Video stabilization is one of the most widely sought features in video processing. The problem of video stabilization typically consists of two steps: video motion analysis and stabilized frame synthesis. Traditional video motion analysis relies heavily on local image features and is prone to error in the presence of occlusions and motion blur. It is also challenging to avoid visual artifacts in the stabilized frame synthesis due to complexity of the scenes, e.g. parallax, dynamic objects. In this dissertation, we focus on exploring video stabilization methods that generate high quality stable results and are generalizable to real world videos.
We start from selfie videos, which is a special type of video that is challenging for all video stabilization methods due to the dynamic occlusion. Our solution is to analyze motion of the foreground/background separately and jointly stabilize the motion. Specifically, we seek to use 3D human face model as a prior information of foreground motion. For the background, our approach tracks random pixels using optical flow. We exploit non-linear least squares optimization to stablize both the foreground/background motion. To make the process practical for commercial applications, we also designed an online version of the pipeline using a sliding window scheme. We also exploit deep learning techniques to replace optimization, resulting in orders of magnitude speed improvement compared to the state-of-the-art optimization based approaches.

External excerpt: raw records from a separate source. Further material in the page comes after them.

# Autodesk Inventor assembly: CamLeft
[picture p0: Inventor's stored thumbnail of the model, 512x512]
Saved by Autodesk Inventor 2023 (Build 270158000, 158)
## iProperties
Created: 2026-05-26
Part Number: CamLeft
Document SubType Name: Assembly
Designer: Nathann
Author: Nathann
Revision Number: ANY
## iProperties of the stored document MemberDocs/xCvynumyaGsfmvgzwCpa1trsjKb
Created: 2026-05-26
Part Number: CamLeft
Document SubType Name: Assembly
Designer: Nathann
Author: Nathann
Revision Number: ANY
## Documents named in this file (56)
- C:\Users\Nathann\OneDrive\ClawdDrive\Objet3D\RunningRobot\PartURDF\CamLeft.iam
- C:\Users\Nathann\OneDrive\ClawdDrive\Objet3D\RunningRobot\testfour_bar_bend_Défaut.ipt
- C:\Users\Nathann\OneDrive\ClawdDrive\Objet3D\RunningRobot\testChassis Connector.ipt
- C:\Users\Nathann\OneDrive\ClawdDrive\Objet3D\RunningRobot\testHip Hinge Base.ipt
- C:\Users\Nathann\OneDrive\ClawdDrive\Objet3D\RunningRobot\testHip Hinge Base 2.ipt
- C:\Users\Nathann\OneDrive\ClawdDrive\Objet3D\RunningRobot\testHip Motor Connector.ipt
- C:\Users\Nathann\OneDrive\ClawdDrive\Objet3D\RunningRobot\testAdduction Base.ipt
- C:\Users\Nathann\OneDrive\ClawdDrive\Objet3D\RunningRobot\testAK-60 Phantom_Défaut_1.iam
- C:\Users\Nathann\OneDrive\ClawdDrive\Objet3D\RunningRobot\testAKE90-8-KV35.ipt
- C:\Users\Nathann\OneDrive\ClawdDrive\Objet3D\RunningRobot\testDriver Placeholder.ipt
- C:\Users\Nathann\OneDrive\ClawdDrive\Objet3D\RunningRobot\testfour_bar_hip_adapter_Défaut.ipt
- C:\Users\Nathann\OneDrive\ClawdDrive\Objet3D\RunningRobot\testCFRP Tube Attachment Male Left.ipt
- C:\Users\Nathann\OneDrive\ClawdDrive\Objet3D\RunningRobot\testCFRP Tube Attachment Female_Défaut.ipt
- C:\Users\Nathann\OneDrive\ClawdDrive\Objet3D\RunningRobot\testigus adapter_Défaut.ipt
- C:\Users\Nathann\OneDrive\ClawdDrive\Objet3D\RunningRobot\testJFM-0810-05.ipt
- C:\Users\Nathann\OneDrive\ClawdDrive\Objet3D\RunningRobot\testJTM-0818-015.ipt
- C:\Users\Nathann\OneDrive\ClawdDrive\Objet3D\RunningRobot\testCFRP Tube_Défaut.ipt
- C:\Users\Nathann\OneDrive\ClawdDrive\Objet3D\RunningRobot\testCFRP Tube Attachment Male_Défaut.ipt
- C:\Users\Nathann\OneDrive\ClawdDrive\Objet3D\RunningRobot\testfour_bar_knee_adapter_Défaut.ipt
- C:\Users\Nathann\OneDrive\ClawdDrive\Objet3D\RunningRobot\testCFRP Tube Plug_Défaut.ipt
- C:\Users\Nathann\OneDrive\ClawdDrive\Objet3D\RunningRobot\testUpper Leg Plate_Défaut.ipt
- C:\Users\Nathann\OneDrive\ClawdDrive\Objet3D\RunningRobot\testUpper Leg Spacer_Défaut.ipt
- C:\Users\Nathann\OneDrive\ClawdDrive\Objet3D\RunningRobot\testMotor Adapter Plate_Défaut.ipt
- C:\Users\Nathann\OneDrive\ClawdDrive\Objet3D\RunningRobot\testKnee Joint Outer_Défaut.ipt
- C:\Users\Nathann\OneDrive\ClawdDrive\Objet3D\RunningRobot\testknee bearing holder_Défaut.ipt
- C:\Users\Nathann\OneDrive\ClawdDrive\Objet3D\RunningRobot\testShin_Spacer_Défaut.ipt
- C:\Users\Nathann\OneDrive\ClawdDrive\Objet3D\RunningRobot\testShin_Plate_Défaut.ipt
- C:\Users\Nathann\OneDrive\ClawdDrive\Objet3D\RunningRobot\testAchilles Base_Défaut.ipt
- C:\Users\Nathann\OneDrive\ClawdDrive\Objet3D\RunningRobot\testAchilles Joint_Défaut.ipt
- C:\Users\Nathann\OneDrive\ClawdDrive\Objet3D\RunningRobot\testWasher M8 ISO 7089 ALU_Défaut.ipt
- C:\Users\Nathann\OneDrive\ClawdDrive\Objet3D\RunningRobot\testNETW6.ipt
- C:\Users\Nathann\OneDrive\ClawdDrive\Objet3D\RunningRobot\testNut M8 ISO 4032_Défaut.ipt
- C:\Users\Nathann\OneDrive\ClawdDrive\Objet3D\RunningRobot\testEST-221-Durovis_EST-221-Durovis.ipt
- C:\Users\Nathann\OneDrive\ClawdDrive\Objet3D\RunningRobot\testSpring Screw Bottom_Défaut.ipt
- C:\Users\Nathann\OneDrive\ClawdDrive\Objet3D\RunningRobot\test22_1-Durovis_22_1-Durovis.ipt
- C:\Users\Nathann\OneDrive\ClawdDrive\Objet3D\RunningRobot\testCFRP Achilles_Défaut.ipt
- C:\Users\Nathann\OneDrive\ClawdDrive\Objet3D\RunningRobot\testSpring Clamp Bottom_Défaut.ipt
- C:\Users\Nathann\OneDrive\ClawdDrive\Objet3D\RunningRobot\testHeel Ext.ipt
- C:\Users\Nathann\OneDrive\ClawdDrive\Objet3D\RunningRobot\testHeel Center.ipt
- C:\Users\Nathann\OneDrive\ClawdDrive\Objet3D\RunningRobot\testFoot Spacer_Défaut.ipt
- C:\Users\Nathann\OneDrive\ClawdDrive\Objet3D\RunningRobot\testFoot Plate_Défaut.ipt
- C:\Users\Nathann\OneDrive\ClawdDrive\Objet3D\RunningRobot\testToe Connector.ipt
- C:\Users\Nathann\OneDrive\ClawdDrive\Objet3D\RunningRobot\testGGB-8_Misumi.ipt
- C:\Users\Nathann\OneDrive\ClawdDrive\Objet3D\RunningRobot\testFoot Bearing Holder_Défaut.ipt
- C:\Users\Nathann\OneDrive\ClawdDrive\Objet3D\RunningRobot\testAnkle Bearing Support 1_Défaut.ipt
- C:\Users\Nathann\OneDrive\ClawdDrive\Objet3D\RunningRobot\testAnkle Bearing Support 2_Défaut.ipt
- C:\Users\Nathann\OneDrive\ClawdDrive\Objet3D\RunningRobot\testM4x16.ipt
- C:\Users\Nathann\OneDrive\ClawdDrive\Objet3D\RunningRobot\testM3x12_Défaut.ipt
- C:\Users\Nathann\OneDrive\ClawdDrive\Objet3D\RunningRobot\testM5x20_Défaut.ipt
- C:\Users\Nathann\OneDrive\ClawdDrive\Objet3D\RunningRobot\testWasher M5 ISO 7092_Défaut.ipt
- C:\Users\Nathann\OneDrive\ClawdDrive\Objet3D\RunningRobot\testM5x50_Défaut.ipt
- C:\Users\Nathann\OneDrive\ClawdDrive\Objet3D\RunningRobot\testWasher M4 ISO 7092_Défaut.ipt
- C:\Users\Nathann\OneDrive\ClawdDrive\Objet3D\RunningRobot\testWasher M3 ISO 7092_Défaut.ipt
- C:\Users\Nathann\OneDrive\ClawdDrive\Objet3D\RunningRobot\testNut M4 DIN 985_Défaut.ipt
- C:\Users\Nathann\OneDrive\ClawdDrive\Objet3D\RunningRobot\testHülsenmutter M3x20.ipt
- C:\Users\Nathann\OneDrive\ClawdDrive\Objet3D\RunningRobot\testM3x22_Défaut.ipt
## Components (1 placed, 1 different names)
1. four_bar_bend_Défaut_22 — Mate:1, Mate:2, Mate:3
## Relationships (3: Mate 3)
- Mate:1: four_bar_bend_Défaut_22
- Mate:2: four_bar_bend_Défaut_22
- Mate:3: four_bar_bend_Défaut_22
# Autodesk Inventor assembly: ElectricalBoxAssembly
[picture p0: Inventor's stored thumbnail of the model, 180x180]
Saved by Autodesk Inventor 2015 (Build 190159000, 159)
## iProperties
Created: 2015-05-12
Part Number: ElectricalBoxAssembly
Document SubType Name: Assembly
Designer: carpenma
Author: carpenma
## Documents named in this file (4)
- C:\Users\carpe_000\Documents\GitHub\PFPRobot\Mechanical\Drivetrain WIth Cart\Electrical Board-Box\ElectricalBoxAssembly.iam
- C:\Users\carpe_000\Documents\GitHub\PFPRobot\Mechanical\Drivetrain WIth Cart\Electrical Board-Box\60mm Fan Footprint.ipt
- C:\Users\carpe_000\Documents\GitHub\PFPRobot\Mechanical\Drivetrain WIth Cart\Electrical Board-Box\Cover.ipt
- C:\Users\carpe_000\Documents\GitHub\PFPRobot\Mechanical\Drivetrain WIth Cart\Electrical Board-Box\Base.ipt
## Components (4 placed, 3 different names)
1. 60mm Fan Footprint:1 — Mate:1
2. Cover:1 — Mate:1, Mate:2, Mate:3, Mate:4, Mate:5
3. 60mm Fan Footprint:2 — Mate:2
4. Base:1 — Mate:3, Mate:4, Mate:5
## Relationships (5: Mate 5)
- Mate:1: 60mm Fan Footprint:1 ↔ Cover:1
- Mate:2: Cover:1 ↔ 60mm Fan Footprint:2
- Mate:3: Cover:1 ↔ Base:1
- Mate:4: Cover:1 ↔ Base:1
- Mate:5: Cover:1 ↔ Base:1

Our works also generalize to the general video stabilization context. General video occlusion is free-form, therefore a more general scheme is required to appropriately constrain the video stabilization. We proposed two different solutions based on this principle. Both of our approaches use optical flow to analyze the motion and generate a dense warp field for stabilizing input frames. Our first approach seeks to constrain the frame warp field using a global linear transformation. In the second we designed specific metrics based on optical flow to exclude dynamic occlusions and motion boundaries. Our experiments show that our approach is more generalizable and produces both visually and quantatively better results compared to previous video stabilization methods.